Its primary note, to a mature male reader 80 years later, is the frank sexuality in the story and the ennui that goes along with it. Somehow it seems right now like alienation is everywhere you look, in Jay Gatsby and Jake Barnes and here, Julian English. It was there in the 19th century masters I suppose, starting with Flaubert and you could quit with Chekhov, but they weren’t like us, not exactly. We don’t really think, at least I never did, that American Literature is all about ennui and doing nothing and alienation and racing towards death. We think it’s about class and social conflict and conquering the wilderness without and within, lighting out for the territory, race and women awakening. Maybe I was confused by all the symbolism, along with the ellipses of modernism, easily hoodwinked then by postmodernism reflecting things I never understood in the first place. Maybe I’m just kinda sorta dense, and I still am.

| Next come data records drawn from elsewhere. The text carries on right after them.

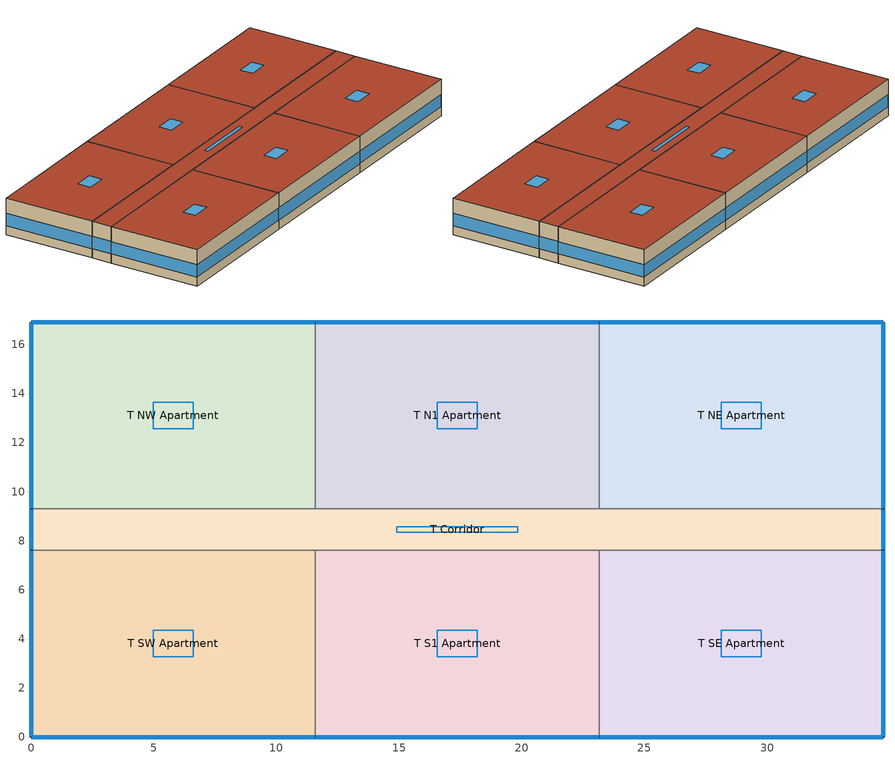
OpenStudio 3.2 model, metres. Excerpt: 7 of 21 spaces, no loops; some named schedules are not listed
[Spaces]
T SW Apartment
 floor adiabatic (BTAP-Int-Wall): 11.58,7.62 11.58,0 0,0 0,7.62 z6.1
 wall outside: 0,7.62 0,0 11.58,0 z6.1:9.14
 wall to T S1 Apartment: 11.58,0 11.58,7.62 z6.1:9.14
 wall to T Corridor: 11.58,7.62 0,7.62 z6.1:9.14
 window (BTAP-Ext-FixedWindow:U=0.190 SHGC=0.600): 0.03,0 11.56,0 / 0,7.59 0,0.03 z6.86:7.88
 roof outside: 11.58,0 11.58,7.62 0,7.62 0,0 z9.14
 skylight (BTAP-Ext-Skylights:U=0.190 SHGC=0.600): 6.61,3.27 6.61,4.35 4.97,4.35 4.97,3.27 z9.14
T N1 Apartment
 floor adiabatic (BTAP-Int-Wall): 23.16,16.92 23.16,9.3 11.58,9.3 11.58,16.92 z6.1
 wall outside: 23.16,16.92 11.58,16.92 z6.1:9.14
 wall to T Corridor: 11.58,9.3 23.16,9.3 z6.1:9.14
 wall to T NW Apartment: 11.58,16.92 11.58,9.3 z6.1:9.14
 wall to T NE Apartment: 23.16,9.3 23.16,16.92 z6.1:9.14
 window (BTAP-Ext-FixedWindow:U=0.190 SHGC=0.600): 23.14,16.92 11.61,16.92 z6.86:7.88
 roof outside: 23.16,9.3 23.16,16.92 11.58,16.92 11.58,9.3 z9.14
 skylight (BTAP-Ext-Skylights:U=0.190 SHGC=0.600): 18.19,12.57 18.19,13.64 16.55,13.64 16.55,12.57 z9.14
T Corridor
 floor adiabatic (BTAP-Int-Wall): 34.75,9.3 34.75,7.62 0,7.62 0,9.3 z6.1
 wall outside: 34.75,7.62 34.75,9.3 / 0,9.3 0,7.62 z6.1:9.14
 wall to T SE Apartment: 23.16,7.62 34.75,7.62 z6.1:9.14
 wall to T S1 Apartment: 11.58,7.62 23.16,7.62 z6.1:9.14
 wall to T NW Apartment: 11.58,9.3 0,9.3 z6.1:9.14
 wall to T NE Apartment: 34.75,9.3 23.16,9.3 z6.1:9.14
 window (BTAP-Ext-FixedWindow:U=0.190 SHGC=0.600): 34.75,7.65 34.75,9.27 / 0,9.27 0,7.65 z6.86:7.9
 roof outside: 34.75,7.62 34.75,9.3 0,9.3 0,7.62 z9.14
 skylight (BTAP-Ext-Skylights:U=0.190 SHGC=0.600): 19.83,8.34 19.83,8.58 14.92,8.58 14.92,8.34 z9.14
T NW Apartment
 floor adiabatic (BTAP-Int-Wall): 11.58,16.92 11.58,9.3 0,9.3 0,16.92 z6.1
 wall outside: 11.58,16.92 0,16.92 0,9.3 z6.1:9.14
 window (BTAP-Ext-FixedWindow:U=0.190 SHGC=0.600): 11.56,16.92 0.03,16.92 / 0,16.89 0,9.32 z6.86:7.88
 roof outside: 11.58,9.3 11.58,16.92 0,16.92 0,9.3 z9.14
 skylight (BTAP-Ext-Skylights:U=0.190 SHGC=0.600): 6.61,12.57 6.61,13.64 4.97,13.64 4.97,12.57 z9.14
T NE Apartment
 floor adiabatic (BTAP-Int-Wall): 34.75,16.92 34.75,9.3 23.16,9.3 23.16,16.92 z6.1
 wall outside: 34.75,9.3 34.75,16.92 23.16,16.92 z6.1:9.14
 window (BTAP-Ext-FixedWindow:U=0.190 SHGC=0.600): 34.75,9.32 34.75,16.89 / 34.72,16.92 23.19,16.92 z6.86:7.88
 roof outside: 34.75,9.3 34.75,16.92 23.16,16.92 23.16,9.3 z9.14
 skylight (BTAP-Ext-Skylights:U=0.190 SHGC=0.600): 29.77,12.57 29.77,13.64 28.14,13.64 28.14,12.57 z9.14
T S1 Apartment
 floor adiabatic (BTAP-Int-Wall): 23.16,7.62 23.16,0 11.58,0 11.58,7.62 z6.1
 wall outside: 11.58,0 23.16,0 z6.1:9.14
 wall to T SE Apartment: 23.16,0 23.16,7.62 z6.1:9.14
 window (BTAP-Ext-FixedWindow:U=0.190 SHGC=0.600): 11.61,0 23.14,0 z6.86:7.88
 roof outside: 23.16,0 23.16,7.62 11.58,7.62 11.58,0 z9.14
 skylight (BTAP-Ext-Skylights:U=0.190 SHGC=0.600): 18.19,3.27 18.19,4.35 16.55,4.35 16.55,3.27 z9.14
T SE Apartment
 floor adiabatic (BTAP-Int-Wall): 34.75,7.62 34.75,0 23.16,0 23.16,7.62 z6.1
 wall outside: 23.16,0 34.75,0 34.75,7.62 z6.1:9.14
 window (BTAP-Ext-FixedWindow:U=0.190 SHGC=0.600): 34.75,0.03 34.75,7.59 / 23.19,0 34.72,0 z6.86:7.88
 roof outside: 34.75,0 34.75,7.62 23.16,7.62 23.16,0 z9.14
 skylight (BTAP-Ext-Skylights:U=0.190 SHGC=0.600): 29.77,3.27 29.77,4.35 28.14,4.35 28.14,3.27 z9.14
[Site]
Calgary Intl AP_AB_CAN: Latitude {deg}=51.114; Longitude {deg}=-114.02; Time Zone {hr}=-7; Elevation {m}=1084.1; Terrain=City
[Building]
LowriseApartment: North Axis {deg}=0; Default Construction Set=BTAP-Mass at hdd = 5000.0; Standards Number of Stories=3; Standards Number of Above Ground Stories=3; Standards Template=NECB2017; Standards Building Type=LowriseApartment; Standards Number of Living Units=17
[Site:WaterMainsTemperature]
Calculation Method=Correlation; Annual Average Outdoor Air Temperature {C}=5; Maximum Difference In Monthly Average Outdoor Air Temperatures {deltaC}=23.3
[Site:GroundTemperature:BuildingSurface]
19.527, 19.502, 19.536, 19.598, 20.002, 21.64, 22.225, 22.375, 21.449, 20.121, 19.802, 19.633
[ClimateZones]
Climate Zone Institution Name 1=ASHRAE; Climate Zone Document Name 1=ANSI/ASHRAE Standard 169; Climate Zone Document Year 1=2006; Climate Zone Institution Name 2=CEC; Climate Zone Document Name 2=California Climate Zone Descriptions; Climate Zone Document Year 2=1995
[SizingPeriod:DesignDay] Barometric Pressure {Pa}=88961; Sky Clearness=0; Rain Indicator=0; Snow Indicator=0; Day of Month=21; Daylight Saving Time Indicator=0; Humidity Indicating Type=Wetbulb; Dry-Bulb Temperature Range Modifier Type=DefaultMultipliers
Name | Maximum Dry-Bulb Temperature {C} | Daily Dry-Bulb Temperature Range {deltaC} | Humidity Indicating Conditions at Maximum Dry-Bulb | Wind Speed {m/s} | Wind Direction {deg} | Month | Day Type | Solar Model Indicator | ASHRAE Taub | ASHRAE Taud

What’s funny–and I’m careening wildly off the track here, which might not be inappropriate in a post about a novel that’s all about drunkenness and the automobile–is that these days I’m working, or at least thinking about working, on A Moveable Feast, which is an intensely strong contrast to Gatsby in its own way. The topic should be its own post, but the short version is that Gatsby is a study of the clawback that occurs amidst the realization of the American Dream in all its excess. Sun Also Rises is a more direct statement of postwar trauma and alienation, the European charnel house transformed into bacchanalian ritualistic fiesta where nothing means anything. Those books are monstrous, overworked texts, now crawling through a century of academic trench warfare over their meanings. But my own perspective at the moment is the Hemingway memoir, which is about craft and romantic literary idealism, discipline and the search for truth, which may in fact be simply style. The betrayal of the self (and others) is there in the end, and the message might be that the authorial self must betray the integrated romantic self in order to create a masterwork, but the text is so deeply imbued with youth and romance and the simple good life, that you don’t focus on the ending. I guess that’s how I’ve always seen things, more or less, the naive version where Gatsby is about glamour and parties and Nick Carraway’s enchantment, his survival and manageable disillusionment (lighting out for the territory), never for a moment identifying with Gatsby’s violent end, because the heights of Gatsby’s dazzling social success and aplomb always seemed out of reach, just as they were for Nick. The alienation is a lot harder to miss in Sun Also Rises, but it’s muted there in its own ways. Less so, a bit later, in A Farewell to Arms, but I think I might work my way back to that book in just a minute.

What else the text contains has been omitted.